→ Task details: Check each line of the data below for the string "Comic". Then give the number of lines that have it, without anything else.

───── Given records

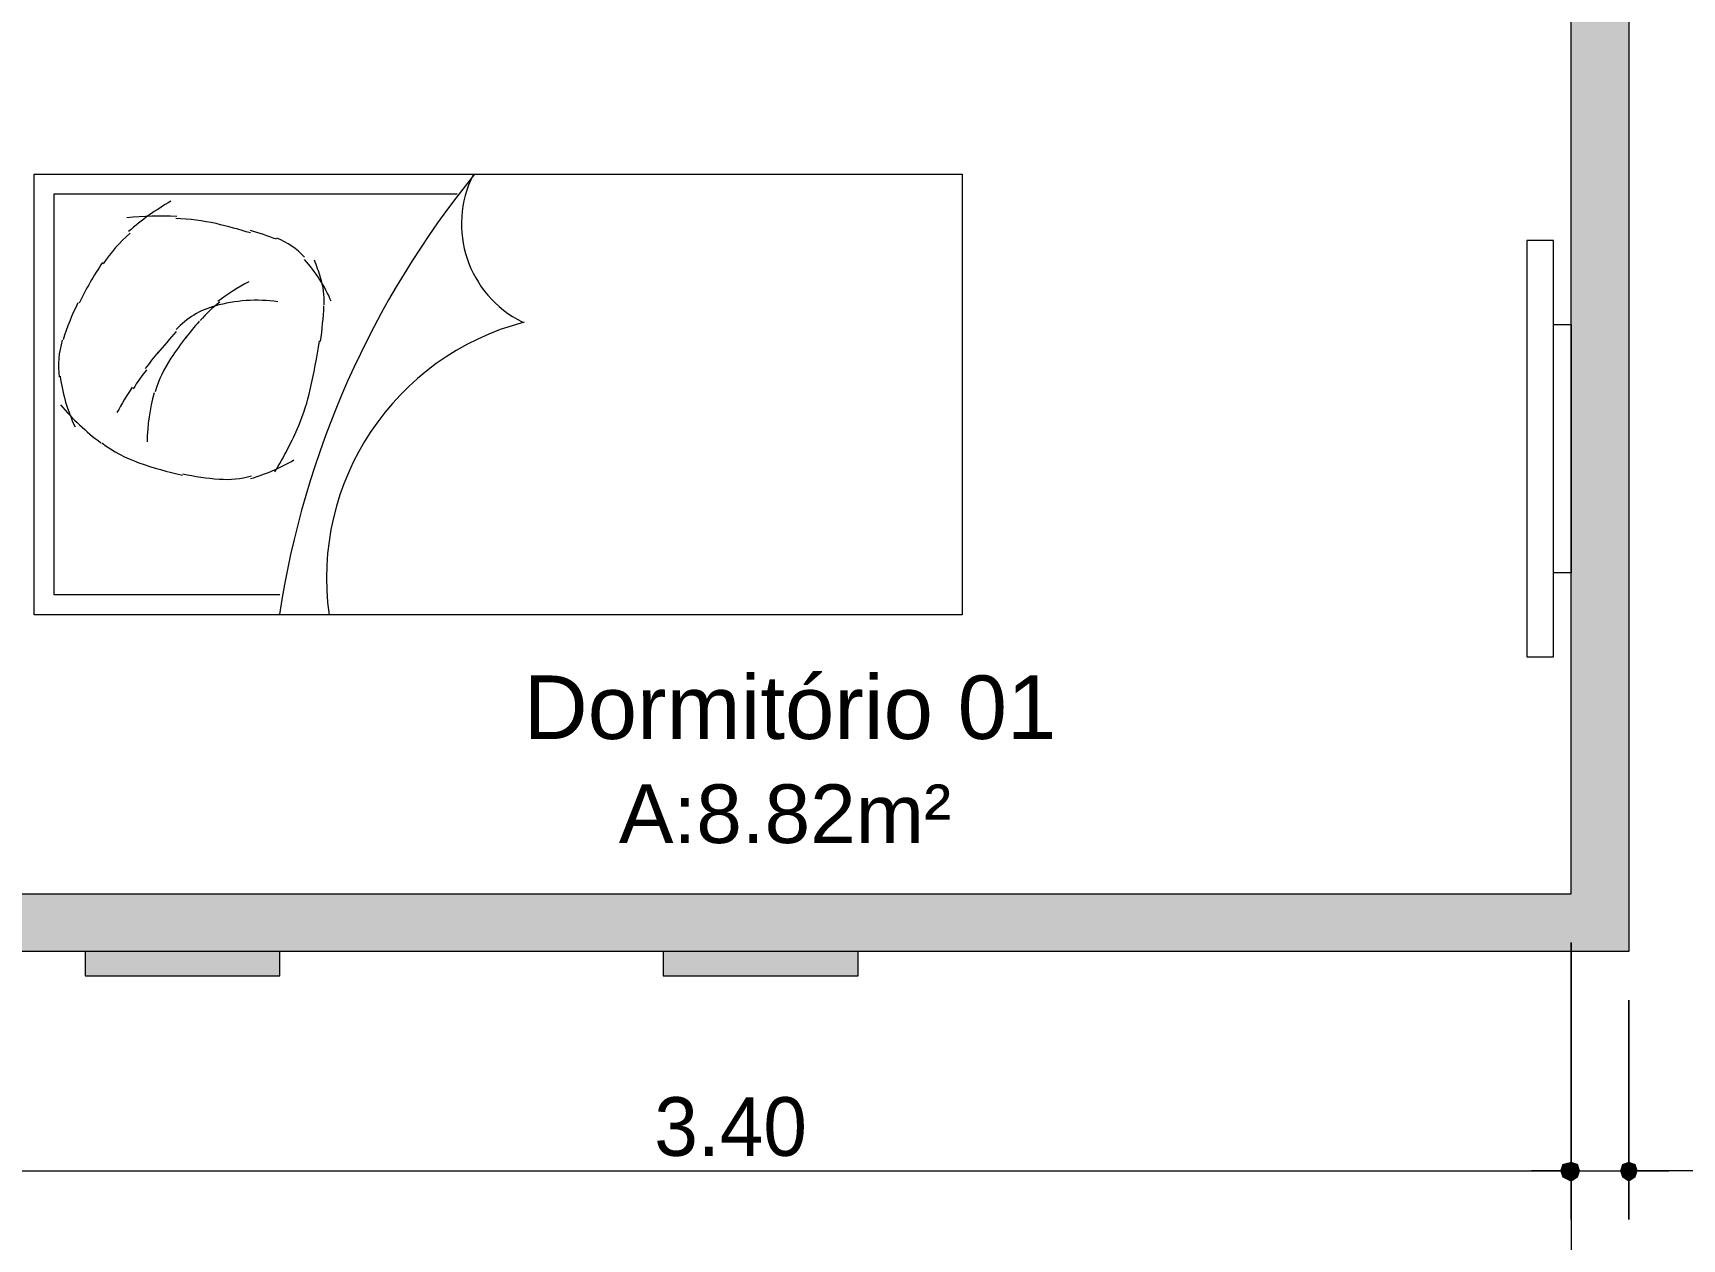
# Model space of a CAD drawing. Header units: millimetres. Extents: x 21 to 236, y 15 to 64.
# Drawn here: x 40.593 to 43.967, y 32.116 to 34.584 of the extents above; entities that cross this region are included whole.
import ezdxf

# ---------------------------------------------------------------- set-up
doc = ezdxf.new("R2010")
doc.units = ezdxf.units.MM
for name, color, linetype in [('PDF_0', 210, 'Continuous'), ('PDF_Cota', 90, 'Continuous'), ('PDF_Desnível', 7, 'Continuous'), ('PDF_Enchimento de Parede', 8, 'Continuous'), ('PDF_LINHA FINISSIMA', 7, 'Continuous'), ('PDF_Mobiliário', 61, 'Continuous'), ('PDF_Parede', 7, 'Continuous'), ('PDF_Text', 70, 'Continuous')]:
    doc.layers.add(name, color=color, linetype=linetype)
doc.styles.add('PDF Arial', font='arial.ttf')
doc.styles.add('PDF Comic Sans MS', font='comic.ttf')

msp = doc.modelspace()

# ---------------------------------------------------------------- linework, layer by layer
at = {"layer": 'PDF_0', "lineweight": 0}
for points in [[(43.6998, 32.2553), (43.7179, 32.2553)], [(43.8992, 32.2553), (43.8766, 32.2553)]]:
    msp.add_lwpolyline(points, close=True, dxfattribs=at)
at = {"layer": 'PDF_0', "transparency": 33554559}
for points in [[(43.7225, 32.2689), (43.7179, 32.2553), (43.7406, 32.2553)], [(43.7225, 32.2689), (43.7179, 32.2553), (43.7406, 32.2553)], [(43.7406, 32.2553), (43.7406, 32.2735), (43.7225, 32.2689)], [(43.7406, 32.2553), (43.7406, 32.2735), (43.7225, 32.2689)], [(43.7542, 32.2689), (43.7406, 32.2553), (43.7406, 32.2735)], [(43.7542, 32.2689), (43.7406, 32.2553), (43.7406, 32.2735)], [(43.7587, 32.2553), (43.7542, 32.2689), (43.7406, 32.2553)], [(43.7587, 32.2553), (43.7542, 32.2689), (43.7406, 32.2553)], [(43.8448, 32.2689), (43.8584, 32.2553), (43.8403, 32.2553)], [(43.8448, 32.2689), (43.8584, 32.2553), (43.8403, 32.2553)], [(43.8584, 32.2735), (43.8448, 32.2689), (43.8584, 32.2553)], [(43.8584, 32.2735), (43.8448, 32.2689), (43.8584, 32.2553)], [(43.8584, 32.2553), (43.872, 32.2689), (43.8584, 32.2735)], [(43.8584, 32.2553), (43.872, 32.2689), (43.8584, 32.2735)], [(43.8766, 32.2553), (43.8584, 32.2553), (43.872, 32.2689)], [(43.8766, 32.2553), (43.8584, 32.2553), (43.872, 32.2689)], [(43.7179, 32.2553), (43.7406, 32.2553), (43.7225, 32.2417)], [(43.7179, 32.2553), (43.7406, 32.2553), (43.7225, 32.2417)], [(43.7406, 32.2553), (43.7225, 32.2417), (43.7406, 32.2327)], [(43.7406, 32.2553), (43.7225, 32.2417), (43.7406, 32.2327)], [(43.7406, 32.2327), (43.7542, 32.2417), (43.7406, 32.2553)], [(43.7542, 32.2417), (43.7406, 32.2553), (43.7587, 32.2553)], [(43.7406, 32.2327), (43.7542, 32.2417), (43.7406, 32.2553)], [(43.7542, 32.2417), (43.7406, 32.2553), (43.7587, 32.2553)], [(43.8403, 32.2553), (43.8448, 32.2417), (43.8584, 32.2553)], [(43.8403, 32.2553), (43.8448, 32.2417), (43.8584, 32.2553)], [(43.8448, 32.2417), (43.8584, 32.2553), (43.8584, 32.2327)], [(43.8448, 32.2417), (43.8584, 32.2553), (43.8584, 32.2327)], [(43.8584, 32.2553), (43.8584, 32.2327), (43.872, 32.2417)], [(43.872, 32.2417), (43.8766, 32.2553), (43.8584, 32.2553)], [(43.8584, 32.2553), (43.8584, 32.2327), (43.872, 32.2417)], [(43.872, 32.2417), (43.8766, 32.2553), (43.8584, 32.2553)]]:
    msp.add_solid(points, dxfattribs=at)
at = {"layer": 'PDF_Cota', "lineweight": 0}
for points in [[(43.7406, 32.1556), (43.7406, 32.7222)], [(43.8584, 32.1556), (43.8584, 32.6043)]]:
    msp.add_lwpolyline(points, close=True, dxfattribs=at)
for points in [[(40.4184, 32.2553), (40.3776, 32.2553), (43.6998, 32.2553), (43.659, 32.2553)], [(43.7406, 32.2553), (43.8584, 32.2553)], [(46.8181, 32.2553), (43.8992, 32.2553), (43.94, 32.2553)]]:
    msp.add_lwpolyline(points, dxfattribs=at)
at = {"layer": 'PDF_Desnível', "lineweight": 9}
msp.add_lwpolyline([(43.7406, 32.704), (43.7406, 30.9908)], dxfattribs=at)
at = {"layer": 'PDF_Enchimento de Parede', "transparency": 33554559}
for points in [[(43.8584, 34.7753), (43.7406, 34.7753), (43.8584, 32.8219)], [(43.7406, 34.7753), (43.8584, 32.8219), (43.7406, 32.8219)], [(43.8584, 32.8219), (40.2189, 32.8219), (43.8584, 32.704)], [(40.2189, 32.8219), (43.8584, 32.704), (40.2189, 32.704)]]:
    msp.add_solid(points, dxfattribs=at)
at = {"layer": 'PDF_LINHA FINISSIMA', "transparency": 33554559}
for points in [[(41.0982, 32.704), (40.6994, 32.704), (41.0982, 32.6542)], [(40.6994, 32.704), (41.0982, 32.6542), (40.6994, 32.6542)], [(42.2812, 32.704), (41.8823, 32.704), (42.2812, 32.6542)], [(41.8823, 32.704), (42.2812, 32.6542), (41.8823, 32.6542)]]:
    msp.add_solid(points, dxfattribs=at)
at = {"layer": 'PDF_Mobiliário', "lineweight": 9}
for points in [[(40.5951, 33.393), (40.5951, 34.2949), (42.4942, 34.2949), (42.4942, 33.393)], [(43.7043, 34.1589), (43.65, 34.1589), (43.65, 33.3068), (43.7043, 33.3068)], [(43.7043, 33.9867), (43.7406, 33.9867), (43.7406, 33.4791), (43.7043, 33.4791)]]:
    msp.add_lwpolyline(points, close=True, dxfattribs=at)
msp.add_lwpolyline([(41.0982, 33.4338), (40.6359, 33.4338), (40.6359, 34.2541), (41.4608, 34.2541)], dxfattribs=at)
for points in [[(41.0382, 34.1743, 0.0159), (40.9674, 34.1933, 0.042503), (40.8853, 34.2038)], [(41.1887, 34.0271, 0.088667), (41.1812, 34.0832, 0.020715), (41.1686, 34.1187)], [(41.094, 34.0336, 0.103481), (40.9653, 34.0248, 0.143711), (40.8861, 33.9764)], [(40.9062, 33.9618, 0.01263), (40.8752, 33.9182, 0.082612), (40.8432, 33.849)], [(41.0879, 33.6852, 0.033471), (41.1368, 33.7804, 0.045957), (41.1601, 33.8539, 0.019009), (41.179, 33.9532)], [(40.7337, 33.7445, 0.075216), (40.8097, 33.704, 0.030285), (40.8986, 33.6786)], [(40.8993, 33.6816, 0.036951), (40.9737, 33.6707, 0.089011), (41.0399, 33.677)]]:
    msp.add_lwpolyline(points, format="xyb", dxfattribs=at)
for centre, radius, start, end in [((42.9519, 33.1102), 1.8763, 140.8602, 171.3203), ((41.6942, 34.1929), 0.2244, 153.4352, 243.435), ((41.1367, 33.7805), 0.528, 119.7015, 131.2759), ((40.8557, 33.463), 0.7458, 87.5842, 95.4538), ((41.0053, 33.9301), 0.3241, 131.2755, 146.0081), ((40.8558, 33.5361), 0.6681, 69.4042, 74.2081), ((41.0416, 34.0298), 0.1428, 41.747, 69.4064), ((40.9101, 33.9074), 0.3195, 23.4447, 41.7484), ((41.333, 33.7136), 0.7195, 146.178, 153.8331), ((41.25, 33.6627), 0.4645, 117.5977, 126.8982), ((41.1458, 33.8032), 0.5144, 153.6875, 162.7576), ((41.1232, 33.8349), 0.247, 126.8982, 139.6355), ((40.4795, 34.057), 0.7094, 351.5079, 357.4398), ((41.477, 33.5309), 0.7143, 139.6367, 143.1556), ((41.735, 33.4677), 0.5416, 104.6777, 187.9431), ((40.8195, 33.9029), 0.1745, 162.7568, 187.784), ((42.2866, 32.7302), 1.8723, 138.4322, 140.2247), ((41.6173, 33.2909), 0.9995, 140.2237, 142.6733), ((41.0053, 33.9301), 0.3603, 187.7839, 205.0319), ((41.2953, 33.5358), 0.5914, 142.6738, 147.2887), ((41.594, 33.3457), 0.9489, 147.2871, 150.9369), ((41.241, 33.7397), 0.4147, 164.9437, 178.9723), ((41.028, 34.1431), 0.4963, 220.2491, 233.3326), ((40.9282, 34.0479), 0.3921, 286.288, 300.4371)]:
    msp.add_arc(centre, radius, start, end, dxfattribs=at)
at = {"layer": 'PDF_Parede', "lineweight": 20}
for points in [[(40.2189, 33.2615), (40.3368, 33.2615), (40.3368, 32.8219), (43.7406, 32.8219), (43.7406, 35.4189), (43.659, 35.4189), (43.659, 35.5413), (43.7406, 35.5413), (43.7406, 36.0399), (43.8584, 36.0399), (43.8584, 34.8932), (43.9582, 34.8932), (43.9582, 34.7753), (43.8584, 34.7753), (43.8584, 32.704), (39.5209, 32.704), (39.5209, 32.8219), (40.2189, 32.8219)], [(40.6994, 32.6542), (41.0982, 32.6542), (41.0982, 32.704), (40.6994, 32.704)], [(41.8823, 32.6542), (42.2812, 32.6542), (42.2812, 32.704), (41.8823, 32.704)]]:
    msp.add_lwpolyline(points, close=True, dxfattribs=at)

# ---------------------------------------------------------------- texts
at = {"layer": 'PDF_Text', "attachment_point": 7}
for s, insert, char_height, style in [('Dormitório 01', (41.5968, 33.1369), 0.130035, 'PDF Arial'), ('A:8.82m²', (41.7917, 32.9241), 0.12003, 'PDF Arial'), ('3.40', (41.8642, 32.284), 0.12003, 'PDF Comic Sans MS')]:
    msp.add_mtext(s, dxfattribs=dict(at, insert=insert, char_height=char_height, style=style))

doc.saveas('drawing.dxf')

──────────

→ Task solution: 2